### PROVIDED RECORDS
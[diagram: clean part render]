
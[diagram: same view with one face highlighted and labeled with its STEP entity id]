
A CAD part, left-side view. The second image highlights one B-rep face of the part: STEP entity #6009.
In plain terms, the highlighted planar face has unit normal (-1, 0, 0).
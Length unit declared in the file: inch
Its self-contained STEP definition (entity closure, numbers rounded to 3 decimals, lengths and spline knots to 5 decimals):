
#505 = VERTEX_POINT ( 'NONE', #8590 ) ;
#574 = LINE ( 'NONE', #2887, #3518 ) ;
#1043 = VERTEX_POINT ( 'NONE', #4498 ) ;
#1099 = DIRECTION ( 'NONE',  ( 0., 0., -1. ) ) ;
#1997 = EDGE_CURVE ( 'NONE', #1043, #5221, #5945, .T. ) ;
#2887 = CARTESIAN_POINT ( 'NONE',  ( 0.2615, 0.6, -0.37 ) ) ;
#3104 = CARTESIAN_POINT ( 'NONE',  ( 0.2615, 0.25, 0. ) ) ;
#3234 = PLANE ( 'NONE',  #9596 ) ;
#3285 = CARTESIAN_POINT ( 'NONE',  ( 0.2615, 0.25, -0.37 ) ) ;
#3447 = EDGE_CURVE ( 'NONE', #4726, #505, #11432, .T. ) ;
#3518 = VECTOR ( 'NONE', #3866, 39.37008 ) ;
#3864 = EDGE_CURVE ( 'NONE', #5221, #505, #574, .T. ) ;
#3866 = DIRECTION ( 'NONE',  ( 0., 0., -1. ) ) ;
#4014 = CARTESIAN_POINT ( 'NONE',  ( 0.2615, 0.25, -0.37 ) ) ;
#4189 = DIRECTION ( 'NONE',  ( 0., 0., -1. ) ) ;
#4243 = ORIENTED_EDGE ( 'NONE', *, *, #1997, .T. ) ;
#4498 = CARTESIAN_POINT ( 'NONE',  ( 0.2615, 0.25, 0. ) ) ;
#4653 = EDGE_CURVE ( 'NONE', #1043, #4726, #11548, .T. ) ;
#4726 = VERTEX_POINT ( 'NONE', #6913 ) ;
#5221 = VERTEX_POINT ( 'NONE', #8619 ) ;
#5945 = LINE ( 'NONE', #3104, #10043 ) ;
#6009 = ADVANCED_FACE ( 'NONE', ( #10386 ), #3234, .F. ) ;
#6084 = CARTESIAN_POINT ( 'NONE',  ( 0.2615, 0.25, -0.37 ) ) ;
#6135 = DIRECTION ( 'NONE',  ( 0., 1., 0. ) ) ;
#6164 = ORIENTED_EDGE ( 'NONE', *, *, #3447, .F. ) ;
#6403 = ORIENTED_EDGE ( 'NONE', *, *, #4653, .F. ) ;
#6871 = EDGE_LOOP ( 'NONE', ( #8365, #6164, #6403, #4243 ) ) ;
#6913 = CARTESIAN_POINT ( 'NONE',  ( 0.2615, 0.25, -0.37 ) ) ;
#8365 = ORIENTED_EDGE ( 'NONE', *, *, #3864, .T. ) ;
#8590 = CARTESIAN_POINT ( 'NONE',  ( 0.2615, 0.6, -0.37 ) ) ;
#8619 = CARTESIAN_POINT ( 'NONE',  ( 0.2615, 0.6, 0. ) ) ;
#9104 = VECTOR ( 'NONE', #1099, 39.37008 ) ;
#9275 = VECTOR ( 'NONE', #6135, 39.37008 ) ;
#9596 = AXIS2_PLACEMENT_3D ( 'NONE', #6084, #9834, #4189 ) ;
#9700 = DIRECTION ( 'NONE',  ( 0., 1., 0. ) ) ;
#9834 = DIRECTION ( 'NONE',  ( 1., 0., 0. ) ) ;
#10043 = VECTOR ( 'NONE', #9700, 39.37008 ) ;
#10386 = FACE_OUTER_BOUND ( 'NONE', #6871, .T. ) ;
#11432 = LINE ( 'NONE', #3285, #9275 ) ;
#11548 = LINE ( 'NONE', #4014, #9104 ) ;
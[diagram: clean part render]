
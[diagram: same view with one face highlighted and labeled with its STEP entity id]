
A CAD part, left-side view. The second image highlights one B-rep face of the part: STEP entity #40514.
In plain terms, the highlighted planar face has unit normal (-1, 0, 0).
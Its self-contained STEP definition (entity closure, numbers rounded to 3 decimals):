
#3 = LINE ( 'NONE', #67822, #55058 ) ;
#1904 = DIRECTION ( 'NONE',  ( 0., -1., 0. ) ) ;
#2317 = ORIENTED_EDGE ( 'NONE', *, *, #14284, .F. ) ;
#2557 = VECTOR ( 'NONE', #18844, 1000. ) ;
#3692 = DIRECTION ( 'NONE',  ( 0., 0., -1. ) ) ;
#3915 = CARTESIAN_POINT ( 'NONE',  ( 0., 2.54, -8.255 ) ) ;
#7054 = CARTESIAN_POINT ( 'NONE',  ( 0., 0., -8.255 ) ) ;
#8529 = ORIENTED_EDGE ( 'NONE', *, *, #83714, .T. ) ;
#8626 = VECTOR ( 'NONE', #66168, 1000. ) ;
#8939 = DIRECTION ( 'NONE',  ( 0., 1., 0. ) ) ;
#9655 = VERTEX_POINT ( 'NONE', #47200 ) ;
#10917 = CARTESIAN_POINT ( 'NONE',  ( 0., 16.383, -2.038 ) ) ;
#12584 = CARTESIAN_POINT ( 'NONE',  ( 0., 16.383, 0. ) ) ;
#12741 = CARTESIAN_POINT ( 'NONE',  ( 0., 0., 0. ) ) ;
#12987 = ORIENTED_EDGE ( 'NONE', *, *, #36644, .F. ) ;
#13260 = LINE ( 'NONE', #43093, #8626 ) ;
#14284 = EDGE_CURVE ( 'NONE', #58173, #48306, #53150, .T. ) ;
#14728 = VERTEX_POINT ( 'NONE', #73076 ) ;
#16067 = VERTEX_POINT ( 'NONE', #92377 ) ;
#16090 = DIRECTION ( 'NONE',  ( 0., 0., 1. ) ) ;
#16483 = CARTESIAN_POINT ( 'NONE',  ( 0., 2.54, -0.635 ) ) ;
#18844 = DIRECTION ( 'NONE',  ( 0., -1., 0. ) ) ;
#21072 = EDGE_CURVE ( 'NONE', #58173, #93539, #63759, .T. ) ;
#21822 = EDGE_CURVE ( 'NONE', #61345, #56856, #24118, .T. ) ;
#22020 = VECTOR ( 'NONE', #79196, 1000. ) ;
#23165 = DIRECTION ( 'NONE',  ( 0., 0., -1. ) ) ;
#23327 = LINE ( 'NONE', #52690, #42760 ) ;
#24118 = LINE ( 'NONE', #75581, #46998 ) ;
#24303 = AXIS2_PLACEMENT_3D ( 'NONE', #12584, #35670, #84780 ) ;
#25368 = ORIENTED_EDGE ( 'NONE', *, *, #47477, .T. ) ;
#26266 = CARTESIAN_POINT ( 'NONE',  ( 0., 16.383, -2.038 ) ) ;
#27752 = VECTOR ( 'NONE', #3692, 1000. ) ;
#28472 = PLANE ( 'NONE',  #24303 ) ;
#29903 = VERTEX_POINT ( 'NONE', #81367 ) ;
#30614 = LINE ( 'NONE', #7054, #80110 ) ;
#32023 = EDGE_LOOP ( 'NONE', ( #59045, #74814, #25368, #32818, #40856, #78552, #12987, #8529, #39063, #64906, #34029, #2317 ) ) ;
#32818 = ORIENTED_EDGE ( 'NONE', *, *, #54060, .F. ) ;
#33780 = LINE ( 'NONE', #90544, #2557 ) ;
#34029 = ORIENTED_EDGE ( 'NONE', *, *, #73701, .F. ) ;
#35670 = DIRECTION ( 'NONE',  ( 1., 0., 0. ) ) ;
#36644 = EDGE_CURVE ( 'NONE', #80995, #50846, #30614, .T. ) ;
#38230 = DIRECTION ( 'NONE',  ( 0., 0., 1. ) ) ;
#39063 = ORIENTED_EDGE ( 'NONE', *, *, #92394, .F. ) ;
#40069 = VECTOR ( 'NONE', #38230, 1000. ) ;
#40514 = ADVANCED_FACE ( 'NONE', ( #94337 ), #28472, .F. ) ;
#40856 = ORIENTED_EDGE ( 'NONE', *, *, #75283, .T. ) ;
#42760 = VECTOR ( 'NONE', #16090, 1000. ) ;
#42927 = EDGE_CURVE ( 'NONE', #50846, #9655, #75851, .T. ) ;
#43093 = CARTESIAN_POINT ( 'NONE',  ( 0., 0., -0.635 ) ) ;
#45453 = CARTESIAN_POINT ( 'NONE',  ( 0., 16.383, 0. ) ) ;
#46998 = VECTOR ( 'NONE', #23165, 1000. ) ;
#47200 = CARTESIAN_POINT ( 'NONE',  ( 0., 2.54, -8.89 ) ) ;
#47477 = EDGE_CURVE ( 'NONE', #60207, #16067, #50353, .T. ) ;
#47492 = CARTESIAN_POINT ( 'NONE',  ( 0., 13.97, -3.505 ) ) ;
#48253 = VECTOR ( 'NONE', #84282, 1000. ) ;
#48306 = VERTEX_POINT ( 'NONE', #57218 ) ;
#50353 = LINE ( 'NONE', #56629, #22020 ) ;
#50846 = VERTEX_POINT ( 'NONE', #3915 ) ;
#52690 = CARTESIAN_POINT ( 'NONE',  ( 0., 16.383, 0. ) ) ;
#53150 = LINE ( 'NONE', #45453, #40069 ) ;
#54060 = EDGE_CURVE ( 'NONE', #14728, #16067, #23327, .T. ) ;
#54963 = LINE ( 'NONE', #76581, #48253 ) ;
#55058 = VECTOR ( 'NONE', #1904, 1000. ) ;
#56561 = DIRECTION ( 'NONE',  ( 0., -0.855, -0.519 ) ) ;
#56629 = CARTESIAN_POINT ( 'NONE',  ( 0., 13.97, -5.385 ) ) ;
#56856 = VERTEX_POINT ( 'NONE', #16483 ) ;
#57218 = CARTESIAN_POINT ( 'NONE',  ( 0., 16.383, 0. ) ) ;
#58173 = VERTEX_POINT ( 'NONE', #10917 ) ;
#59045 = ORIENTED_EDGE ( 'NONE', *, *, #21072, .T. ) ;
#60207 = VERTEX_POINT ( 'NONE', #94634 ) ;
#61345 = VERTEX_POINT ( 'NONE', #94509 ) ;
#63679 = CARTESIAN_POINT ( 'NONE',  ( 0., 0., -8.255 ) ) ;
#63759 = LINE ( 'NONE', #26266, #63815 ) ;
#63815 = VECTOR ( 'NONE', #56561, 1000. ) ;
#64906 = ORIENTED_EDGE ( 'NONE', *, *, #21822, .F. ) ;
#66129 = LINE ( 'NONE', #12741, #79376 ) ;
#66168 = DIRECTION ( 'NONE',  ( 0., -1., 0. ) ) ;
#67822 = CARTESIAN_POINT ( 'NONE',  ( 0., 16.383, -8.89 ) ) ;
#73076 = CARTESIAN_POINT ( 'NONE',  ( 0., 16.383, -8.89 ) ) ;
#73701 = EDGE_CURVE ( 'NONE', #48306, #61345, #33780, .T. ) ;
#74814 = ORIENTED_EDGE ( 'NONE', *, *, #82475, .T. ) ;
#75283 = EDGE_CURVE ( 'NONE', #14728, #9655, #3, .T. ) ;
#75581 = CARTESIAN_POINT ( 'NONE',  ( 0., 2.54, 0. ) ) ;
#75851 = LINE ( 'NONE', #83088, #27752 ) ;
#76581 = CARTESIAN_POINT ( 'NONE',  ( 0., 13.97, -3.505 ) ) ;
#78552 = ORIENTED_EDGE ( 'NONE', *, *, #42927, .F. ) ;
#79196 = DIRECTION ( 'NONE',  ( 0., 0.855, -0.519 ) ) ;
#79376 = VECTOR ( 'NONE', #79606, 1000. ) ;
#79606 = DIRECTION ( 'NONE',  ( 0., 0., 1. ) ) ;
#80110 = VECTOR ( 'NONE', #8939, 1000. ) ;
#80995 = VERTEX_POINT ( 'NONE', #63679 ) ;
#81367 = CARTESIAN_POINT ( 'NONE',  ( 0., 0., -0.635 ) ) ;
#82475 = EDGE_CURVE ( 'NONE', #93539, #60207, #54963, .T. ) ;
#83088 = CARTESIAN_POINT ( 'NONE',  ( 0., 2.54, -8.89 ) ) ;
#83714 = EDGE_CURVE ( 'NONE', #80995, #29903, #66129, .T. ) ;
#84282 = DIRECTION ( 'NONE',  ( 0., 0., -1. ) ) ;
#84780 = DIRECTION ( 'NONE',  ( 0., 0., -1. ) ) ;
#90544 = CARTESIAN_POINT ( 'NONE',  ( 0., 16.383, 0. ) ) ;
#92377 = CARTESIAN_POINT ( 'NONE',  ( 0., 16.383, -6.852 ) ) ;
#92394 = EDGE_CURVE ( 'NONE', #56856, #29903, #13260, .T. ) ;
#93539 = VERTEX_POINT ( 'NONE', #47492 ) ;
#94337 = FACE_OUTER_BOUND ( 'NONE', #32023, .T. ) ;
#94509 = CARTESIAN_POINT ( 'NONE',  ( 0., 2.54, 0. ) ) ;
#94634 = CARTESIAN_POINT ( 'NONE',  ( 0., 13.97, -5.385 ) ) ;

### AIM OF THE TASK
Using the material, count every line where the word "numbers" appears and give only the number.

### ANSWER AREA
2